2.3.1. Persoonlijkheid – Ten-Item Personality Inventory
Er werd geen significant verschil gevonden tussen vrouwelijke patiënten en vrouwelijke
controles voor de vijf persoonlijkheidsdomeinen via de Mann-Whitney U test, maar ook hier
kan dezelfde tendens gezien worden als in de totale studiepopulatie.
2.3.2. Perfectionisme – Frost-Multidimensionele Perfectionisme Schaal
Er werd geen significant verschil gevonden via de ongepaarde t-toets tussen vrouwelijke
patiënten en controles voor perfectionisme, in tegenstelling tot de volledige studiepopulatie en
de mannen. Ook binnen de beide subdomeinen positief en negatief perfectionisme werd geen
significant verschil gevonden. Weliswaar kan dezelfde trend gezien worden, waarbij
vrouwelijke patiënten eveneens (niet-significant) hoger scoren op alle domeinen van
perfectionisme in vergelijking met controles.
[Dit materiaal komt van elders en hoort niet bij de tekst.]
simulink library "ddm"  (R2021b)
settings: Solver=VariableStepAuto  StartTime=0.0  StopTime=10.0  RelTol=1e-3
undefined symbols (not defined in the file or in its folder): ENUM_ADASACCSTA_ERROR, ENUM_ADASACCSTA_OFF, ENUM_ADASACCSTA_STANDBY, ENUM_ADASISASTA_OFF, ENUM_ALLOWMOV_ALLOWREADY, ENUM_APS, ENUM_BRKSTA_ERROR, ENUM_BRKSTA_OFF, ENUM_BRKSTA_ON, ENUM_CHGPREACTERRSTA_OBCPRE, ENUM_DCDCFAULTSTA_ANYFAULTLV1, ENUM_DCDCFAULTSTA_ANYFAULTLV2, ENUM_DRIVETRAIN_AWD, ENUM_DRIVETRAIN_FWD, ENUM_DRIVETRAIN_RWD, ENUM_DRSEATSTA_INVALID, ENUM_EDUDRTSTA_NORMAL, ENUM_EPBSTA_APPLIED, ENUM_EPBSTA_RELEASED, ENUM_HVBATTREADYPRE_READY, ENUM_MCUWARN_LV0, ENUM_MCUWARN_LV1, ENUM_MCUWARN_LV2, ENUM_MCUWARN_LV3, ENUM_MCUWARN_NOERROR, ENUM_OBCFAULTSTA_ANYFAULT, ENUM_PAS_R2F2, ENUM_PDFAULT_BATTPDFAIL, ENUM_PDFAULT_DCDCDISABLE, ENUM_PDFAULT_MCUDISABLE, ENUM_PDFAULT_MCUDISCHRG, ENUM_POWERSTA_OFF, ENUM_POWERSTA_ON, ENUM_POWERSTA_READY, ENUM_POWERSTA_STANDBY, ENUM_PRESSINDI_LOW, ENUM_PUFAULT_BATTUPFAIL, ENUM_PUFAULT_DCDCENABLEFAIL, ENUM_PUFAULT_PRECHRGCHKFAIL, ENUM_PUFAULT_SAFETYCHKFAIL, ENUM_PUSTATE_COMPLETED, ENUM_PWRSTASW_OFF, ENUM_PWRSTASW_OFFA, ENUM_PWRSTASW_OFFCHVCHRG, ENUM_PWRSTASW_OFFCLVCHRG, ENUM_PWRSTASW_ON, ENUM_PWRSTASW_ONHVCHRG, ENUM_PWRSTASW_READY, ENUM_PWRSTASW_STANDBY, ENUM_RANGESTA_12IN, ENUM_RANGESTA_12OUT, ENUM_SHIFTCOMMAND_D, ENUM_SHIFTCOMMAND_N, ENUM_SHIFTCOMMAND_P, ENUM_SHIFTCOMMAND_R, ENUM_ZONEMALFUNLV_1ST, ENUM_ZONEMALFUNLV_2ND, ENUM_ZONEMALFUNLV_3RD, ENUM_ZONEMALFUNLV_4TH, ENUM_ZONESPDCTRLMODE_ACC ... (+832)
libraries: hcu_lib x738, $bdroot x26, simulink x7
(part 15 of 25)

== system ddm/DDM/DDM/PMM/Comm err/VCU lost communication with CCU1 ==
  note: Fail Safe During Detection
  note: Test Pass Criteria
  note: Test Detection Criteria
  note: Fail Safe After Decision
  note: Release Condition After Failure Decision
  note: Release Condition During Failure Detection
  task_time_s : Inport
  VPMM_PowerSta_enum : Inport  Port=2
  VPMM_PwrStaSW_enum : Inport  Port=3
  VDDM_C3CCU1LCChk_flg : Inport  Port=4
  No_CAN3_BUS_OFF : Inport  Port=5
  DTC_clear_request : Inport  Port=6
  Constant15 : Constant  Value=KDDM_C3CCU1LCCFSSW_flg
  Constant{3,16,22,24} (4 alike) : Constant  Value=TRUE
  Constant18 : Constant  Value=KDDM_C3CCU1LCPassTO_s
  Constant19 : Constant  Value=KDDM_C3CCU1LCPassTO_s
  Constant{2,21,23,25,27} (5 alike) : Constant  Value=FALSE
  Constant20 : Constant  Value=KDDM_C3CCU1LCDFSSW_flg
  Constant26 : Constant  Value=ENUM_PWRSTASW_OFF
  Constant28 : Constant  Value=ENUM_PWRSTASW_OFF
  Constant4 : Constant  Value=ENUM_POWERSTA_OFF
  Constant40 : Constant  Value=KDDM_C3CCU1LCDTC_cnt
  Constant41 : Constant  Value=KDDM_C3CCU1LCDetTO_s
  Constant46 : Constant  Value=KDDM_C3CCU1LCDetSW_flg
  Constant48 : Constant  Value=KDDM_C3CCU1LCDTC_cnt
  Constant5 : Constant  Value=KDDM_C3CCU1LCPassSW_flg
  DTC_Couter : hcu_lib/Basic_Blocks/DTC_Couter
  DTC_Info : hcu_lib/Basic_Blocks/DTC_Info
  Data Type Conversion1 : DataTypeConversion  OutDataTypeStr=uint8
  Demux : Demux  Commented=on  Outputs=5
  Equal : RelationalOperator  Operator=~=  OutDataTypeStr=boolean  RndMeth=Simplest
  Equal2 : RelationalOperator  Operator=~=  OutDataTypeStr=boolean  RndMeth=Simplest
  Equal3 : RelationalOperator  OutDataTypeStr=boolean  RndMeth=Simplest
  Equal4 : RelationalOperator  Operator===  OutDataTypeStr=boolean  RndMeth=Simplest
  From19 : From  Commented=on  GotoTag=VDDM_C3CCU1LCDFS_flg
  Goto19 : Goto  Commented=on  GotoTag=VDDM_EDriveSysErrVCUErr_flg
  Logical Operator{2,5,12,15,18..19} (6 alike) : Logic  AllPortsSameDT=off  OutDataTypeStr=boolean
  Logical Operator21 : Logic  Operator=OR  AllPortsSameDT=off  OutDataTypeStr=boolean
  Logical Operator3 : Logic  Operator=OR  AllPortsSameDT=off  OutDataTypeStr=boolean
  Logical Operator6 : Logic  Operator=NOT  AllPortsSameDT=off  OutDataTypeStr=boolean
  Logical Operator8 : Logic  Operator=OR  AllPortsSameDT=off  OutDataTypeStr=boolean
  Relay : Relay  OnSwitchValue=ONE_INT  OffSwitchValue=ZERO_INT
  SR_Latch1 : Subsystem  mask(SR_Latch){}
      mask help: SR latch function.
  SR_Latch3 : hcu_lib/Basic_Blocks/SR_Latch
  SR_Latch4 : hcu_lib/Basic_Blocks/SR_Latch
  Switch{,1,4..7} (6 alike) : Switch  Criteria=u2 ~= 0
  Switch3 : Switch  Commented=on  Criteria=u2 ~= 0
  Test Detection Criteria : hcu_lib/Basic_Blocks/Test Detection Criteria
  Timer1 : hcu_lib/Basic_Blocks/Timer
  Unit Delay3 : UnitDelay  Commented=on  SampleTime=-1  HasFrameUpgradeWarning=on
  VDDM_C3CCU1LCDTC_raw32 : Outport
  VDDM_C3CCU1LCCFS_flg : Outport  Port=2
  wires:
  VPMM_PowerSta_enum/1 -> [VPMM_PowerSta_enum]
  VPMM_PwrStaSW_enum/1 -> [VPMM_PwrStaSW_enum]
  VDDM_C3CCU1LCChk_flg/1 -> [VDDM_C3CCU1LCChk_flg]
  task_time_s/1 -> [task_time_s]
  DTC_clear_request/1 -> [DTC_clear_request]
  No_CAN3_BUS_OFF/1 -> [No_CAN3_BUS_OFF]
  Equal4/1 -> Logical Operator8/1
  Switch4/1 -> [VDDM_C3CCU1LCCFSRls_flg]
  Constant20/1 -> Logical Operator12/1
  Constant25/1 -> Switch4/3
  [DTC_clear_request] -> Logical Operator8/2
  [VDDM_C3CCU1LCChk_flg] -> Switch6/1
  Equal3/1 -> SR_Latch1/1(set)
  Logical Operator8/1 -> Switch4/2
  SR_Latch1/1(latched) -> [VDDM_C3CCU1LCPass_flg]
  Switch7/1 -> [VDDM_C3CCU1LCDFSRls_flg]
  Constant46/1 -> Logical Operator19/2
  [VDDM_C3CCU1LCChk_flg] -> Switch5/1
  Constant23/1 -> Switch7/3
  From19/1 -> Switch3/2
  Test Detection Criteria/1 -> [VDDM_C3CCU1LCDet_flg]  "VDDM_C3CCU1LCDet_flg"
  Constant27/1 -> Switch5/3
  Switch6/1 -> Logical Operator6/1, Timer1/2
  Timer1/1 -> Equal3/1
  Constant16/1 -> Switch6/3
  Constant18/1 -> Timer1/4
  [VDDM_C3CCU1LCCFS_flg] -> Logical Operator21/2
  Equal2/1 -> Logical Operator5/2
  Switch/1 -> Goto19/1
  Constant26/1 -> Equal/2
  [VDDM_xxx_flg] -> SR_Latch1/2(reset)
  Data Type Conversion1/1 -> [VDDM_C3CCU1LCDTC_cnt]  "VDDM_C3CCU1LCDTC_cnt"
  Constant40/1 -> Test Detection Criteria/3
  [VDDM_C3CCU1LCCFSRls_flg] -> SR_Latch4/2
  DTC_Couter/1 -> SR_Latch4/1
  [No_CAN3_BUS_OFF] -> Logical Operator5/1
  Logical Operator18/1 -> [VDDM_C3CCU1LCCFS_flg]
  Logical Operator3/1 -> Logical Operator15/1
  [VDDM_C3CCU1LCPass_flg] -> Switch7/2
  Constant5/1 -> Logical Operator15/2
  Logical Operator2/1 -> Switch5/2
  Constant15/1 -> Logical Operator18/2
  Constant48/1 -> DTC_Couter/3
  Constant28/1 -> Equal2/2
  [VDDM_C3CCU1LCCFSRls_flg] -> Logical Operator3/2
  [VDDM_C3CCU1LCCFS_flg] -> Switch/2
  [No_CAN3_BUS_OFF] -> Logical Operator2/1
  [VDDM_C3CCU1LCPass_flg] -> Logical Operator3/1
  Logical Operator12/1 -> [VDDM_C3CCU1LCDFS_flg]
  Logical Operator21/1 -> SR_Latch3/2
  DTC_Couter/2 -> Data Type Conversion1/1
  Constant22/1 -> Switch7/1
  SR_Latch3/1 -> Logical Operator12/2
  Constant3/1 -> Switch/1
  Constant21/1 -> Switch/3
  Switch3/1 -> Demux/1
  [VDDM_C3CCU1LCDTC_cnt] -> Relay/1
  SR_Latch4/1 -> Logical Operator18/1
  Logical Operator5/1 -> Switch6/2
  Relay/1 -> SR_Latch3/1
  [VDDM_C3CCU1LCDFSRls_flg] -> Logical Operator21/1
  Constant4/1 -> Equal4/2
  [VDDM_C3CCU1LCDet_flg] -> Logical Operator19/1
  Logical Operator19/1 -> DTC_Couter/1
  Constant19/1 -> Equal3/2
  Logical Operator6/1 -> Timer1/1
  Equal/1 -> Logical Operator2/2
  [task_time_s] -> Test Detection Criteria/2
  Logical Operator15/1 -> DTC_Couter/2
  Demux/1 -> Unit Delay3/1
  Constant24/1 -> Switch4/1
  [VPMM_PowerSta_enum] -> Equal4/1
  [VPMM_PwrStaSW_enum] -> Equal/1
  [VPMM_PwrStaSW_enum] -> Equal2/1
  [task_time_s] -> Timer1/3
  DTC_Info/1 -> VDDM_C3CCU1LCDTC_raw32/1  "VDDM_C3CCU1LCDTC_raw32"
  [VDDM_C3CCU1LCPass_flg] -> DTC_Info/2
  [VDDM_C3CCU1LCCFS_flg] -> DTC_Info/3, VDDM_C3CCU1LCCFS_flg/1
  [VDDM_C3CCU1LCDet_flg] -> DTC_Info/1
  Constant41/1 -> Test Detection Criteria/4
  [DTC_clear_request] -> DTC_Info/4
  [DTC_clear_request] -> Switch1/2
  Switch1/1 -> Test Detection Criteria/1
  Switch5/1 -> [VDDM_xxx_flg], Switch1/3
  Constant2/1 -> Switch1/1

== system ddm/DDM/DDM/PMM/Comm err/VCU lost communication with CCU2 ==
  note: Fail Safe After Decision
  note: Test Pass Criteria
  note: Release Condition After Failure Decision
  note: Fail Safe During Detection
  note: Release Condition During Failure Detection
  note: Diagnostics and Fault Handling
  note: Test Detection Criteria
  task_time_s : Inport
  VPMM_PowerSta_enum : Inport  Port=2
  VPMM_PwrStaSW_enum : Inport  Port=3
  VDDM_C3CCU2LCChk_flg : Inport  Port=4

2.3.3. Angst en depressie – Hospital Anxiety and Depression Scale
In tabel 12 staat per score weergegeven hoeveel van de vrouwelijke patiënten en controles
deze score behaalden. Er zijn opvallend meer vrouwelijke patiënten die een hoge score
behaalden op het domein angst, in vergelijking met de mannen (31%) en de totale
studiepopulatie (41%). De scores voor depressie liggen wel op dezelfde lijn.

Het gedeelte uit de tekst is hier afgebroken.